/quickData

Generates Python dictionaries containing time-series data from the financial statements of US publicly traded companies.

Primary LanguagePythonGNU General Public License v3.0GPL-3.0

quickData

Installation

Prerequisites

Python 3.6 +
lxml
requests
fuzzy_wuzzy

Note earlier versions of python can be used if all f-strings in dataCreator.py are refactored to normal string concatenations. i.e. change some_function(f'example {string}') to some_function('example ' + string)

Installation Steps

To install simply run pip install -r requirements.txt, or alternatively:

  1. Download source files either manually or via git clone https://github.com/nikodevv/quickData
  2. Install requirements using pip
	pip install lxml
	pip install requests
	pip install fuzzywuzzy

API

Simply create an instance of Filings with a given company's CIK, and a Python object containing all of the company's financial statements will be generated. For example Snapchat's CIK is 1564408 (Snap Inc.), so a Filings object would be created as follows:

snapFilings = Filings(1564408)

Example (generating time series data of a financial statement)

To access the data in any SEC-filing table (example: Snap Inc's 2017 Income Statement), just call

custom_table = [] 
# custom_table[0] will be the row labels of income statement
custom_table.append(snapFiligns.row_labels['income'])
# custom_table[1] will be the values
custom_table.append(snapFilings.full_dict['2017Q3'][income])

print(custom_table[0][1] + ':' + custom_table[1][1])
# Revenue: 207937

print(custom_table[0][9] + ':' + custom_table[1][9])
# Loss from operations: -461827

Note: row_labels will not be an exact copy of the orignial statement's table rows because quickData creates and removes certain rows for the purposes of consolidating multiple time periods which may utilize inconsistent reporting methodologies.

Explanation of example

The company's time-series filings are stored in two objects. The first is a dictionary of lists containing the row labels (snapFilings.row_labels) of all 3 financial statements. These labels are similiar to those found in the original SEC filings. Each financial statement can be accessed by one of three keys: income returns income statement line items, balance returns balance sheet line items, and cfs returns cashflow statement line items (line items refers to accounts). For example, the row labels of Snapchat's quickData income statement can be accessed as follows:

snapFilings.row_labels['income']
> ['Income Statement [Abstract]', 'Revenue', 'Costs and expenses', 'Cost of revenue', 'Research and development', 'Sales and marketing', 'General and administrative', ...]
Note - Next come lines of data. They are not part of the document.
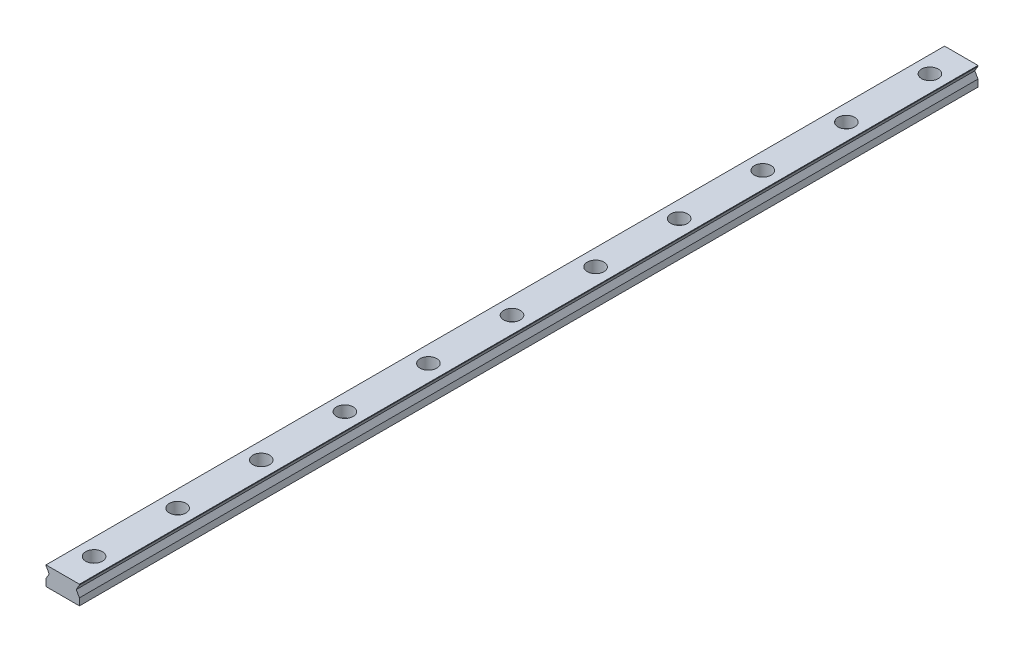
SolidWorks part; units mm, degrees
material "Plain Carbon Steel"
ref_plane "Front Plane" through (0, 0, 0) normal (0, 0, 1) x (1, 0, 0)
ref_plane "Top Plane" through (0, 0, 0) normal (0, 1, 0) x (1, 0, 0)
ref_plane "Right Plane" through (0, 0, 0) normal (1, 0, 0) x (0, 0, -1)
ref_plane "Plane1" through (0, 0, 0) normal (0, 0, 1) x (1, 0, 0)
sketch "Sketch1" plane through (0, 0, 0) normal (0, 0, 1) x (1, 0, 0)
  line L0 (-8, 0) -> (8, 0)
  line L1 (8, 0) -> (8, 3.35)
  line L2 (8, 3.35) -> (6.47, 6)
  line L3 (6.47, 6) -> (8, 8.65)
  line L4 (8, 8.65) -> (8, 9)
  line L5 (8, 9) -> (-8, 9)
  line L6 (-8, 9) -> (-8, 8.65)
  line L7 (-8, 8.65) -> (-6.47, 6)
  line L8 (-6.47, 6) -> (-8, 3.35)
  line L9 (-8, 3.35) -> (-8, 0)
extrude "Boss-Extrude1" add sketch "Sketch1" along normal blind 430
ref_plane "Plane2" through (0, 0, 15) normal (0, 0, 1) x (1, 0, 0)
sketch "Sketch2" plane through (0, 0, 15) normal (0, 0, 1) x (1, 0, 0)
  line L0 (0, 9) -> (4, 9)
  line L1 (4, 9) -> (4, 3.5)
  line L2 (4, 3.5) -> (2.25, 3.5)
  line L3 (2.25, 3.5) -> (2.25, 0)
  line L4 (2.25, 0) -> (0, 0)
  line L5 (0, 0) -> (0, 9)
  line L6 (0, 0) -> (0, 9) construction
revolve "Cut-Revolve1" cut sketch "Sketch2" angle 360 about L6
ref_plane "Plane3" through (0, 0, 55) normal (0, 0, 1) x (1, 0, 0)
sketch "Sketch3" plane through (0, 0, 55) normal (0, 0, 1) x (1, 0, 0)
  line L0 (0, 9) -> (4, 9)
  line L1 (4, 9) -> (4, 3.5)
  line L2 (4, 3.5) -> (2.25, 3.5)
  line L3 (2.25, 3.5) -> (2.25, 0)
  line L4 (2.25, 0) -> (0, 0)
  line L5 (0, 0) -> (0, 9)
  line L6 (0, 0) -> (0, 9) construction
revolve "Cut-Revolve2" cut sketch "Sketch3" angle 360 about L6
ref_plane "Plane4" through (0, 0, 95) normal (0, 0, 1) x (1, 0, 0)
sketch "Sketch4" plane through (0, 0, 95) normal (0, 0, 1) x (1, 0, 0)
  line L0 (0, 9) -> (4, 9)
  line L1 (4, 9) -> (4, 3.5)
  line L2 (4, 3.5) -> (2.25, 3.5)
  line L3 (2.25, 3.5) -> (2.25, 0)
  line L4 (2.25, 0) -> (0, 0)
  line L5 (0, 0) -> (0, 9)
  line L6 (0, 0) -> (0, 9) construction
revolve "Cut-Revolve3" cut sketch "Sketch4" angle 360 about L6
ref_plane "Plane5" through (0, 0, 135) normal (0, 0, 1) x (1, 0, 0)
sketch "Sketch5" plane through (0, 0, 135) normal (0, 0, 1) x (1, 0, 0)
  line L0 (0, 9) -> (4, 9)
  line L1 (4, 9) -> (4, 3.5)
  line L2 (4, 3.5) -> (2.25, 3.5)
  line L3 (2.25, 3.5) -> (2.25, 0)
  line L4 (2.25, 0) -> (0, 0)
  line L5 (0, 0) -> (0, 9)
  line L6 (0, 0) -> (0, 9) construction
revolve "Cut-Revolve4" cut sketch "Sketch5" angle 360 about L6
ref_plane "Plane6" through (0, 0, 175) normal (0, 0, 1) x (1, 0, 0)
sketch "Sketch6" plane through (0, 0, 175) normal (0, 0, 1) x (1, 0, 0)
  line L0 (0, 9) -> (4, 9)
  line L1 (4, 9) -> (4, 3.5)
  line L2 (4, 3.5) -> (2.25, 3.5)
  line L3 (2.25, 3.5) -> (2.25, 0)
  line L4 (2.25, 0) -> (0, 0)
  line L5 (0, 0) -> (0, 9)
  line L6 (0, 0) -> (0, 9) construction
revolve "Cut-Revolve5" cut sketch "Sketch6" angle 360 about L6
ref_plane "Plane7" through (0, 0, 215) normal (0, 0, 1) x (1, 0, 0)
sketch "Sketch7" plane through (0, 0, 215) normal (0, 0, 1) x (1, 0, 0)
  line L0 (0, 9) -> (4, 9)
  line L1 (4, 9) -> (4, 3.5)
  line L2 (4, 3.5) -> (2.25, 3.5)
  line L3 (2.25, 3.5) -> (2.25, 0)
  line L4 (2.25, 0) -> (0, 0)
  line L5 (0, 0) -> (0, 9)
  line L6 (0, 0) -> (0, 9) construction
revolve "Cut-Revolve6" cut sketch "Sketch7" angle 360 about L6
ref_plane "Plane8" through (0, 0, 255) normal (0, 0, 1) x (1, 0, 0)
sketch "Sketch8" plane through (0, 0, 255) normal (0, 0, 1) x (1, 0, 0)
  line L0 (0, 9) -> (4, 9)
  line L1 (4, 9) -> (4, 3.5)
  line L2 (4, 3.5) -> (2.25, 3.5)
  line L3 (2.25, 3.5) -> (2.25, 0)
  line L4 (2.25, 0) -> (0, 0)
  line L5 (0, 0) -> (0, 9)
  line L6 (0, 0) -> (0, 9) construction
revolve "Cut-Revolve7" cut sketch "Sketch8" angle 360 about L6
ref_plane "Plane9" through (0, 0, 295) normal (0, 0, 1) x (1, 0, 0)
sketch "Sketch9" plane through (0, 0, 295) normal (0, 0, 1) x (1, 0, 0)
  line L0 (0, 9) -> (4, 9)
  line L1 (4, 9) -> (4, 3.5)
  line L2 (4, 3.5) -> (2.25, 3.5)
  line L3 (2.25, 3.5) -> (2.25, 0)
  line L4 (2.25, 0) -> (0, 0)
  line L5 (0, 0) -> (0, 9)
  line L6 (0, 0) -> (0, 9) construction
revolve "Cut-Revolve8" cut sketch "Sketch9" angle 360 about L6
ref_plane "Plane10" through (0, 0, 335) normal (0, 0, 1) x (1, 0, 0)
sketch "Sketch10" plane through (0, 0, 335) normal (0, 0, 1) x (1, 0, 0)
  line L0 (0, 9) -> (4, 9)
  line L1 (4, 9) -> (4, 3.5)
  line L2 (4, 3.5) -> (2.25, 3.5)
  line L3 (2.25, 3.5) -> (2.25, 0)
  line L4 (2.25, 0) -> (0, 0)
  line L5 (0, 0) -> (0, 9)
  line L6 (0, 0) -> (0, 9) construction
revolve "Cut-Revolve9" cut sketch "Sketch10" angle 360 about L6
ref_plane "Plane11" through (0, 0, 375) normal (0, 0, 1) x (1, 0, 0)
sketch "Sketch11" plane through (0, 0, 375) normal (0, 0, 1) x (1, 0, 0)
  line L0 (0, 9) -> (4, 9)
  line L1 (4, 9) -> (4, 3.5)
  line L2 (4, 3.5) -> (2.25, 3.5)
  line L3 (2.25, 3.5) -> (2.25, 0)
  line L4 (2.25, 0) -> (0, 0)
  line L5 (0, 0) -> (0, 9)
  line L6 (0, 0) -> (0, 9) construction
revolve "Cut-Revolve10" cut sketch "Sketch11" angle 360 about L6
ref_plane "Plane12" through (0, 0, 415) normal (0, 0, 1) x (1, 0, 0)
sketch "Sketch12" plane through (0, 0, 415) normal (0, 0, 1) x (1, 0, 0)
  line L0 (0, 9) -> (4, 9)
  line L1 (4, 9) -> (4, 3.5)
  line L2 (4, 3.5) -> (2.25, 3.5)
  line L3 (2.25, 3.5) -> (2.25, 0)
  line L4 (2.25, 0) -> (0, 0)
  line L5 (0, 0) -> (0, 9)
  line L6 (0, 0) -> (0, 9) construction
revolve "Cut-Revolve11" cut sketch "Sketch12" angle 360 about L6

The row_labels are in 1:1 correspondace with the data columns corresponding to each time period. These data columns are called by snapFilings.full_dict. Together, row_labels and full_dict can create time-series financial statements.

Here is an example of what Snap Inc.'s full_dict looks like:

# snapFilings.full_dict = 
	{'2017Q1': {
		'balance': [...]
		'income' : [...]
		'cfs': [...]
		}
	'2017Q2': {
		'balance': [...]
		'income' : [...]
		'cfs': [...]
		}
	'2017Q1' : ...
	}

Where 2017Q1 refers to the first financial quarter of Snap Inc's 2017 financial year. Annual filings keys are of the following form: '2017FY'.

Disclaimer

The author assumes no responsibility or liability for any errors, inaccuracies, or omissions in the data generated or output by quickData, nor any responsibility or liability for investment or business descicions made on said data. The information provided by quickData is provided on an “as is” basis with no guarantees of completeness, accuracy, usefulness or timeliness.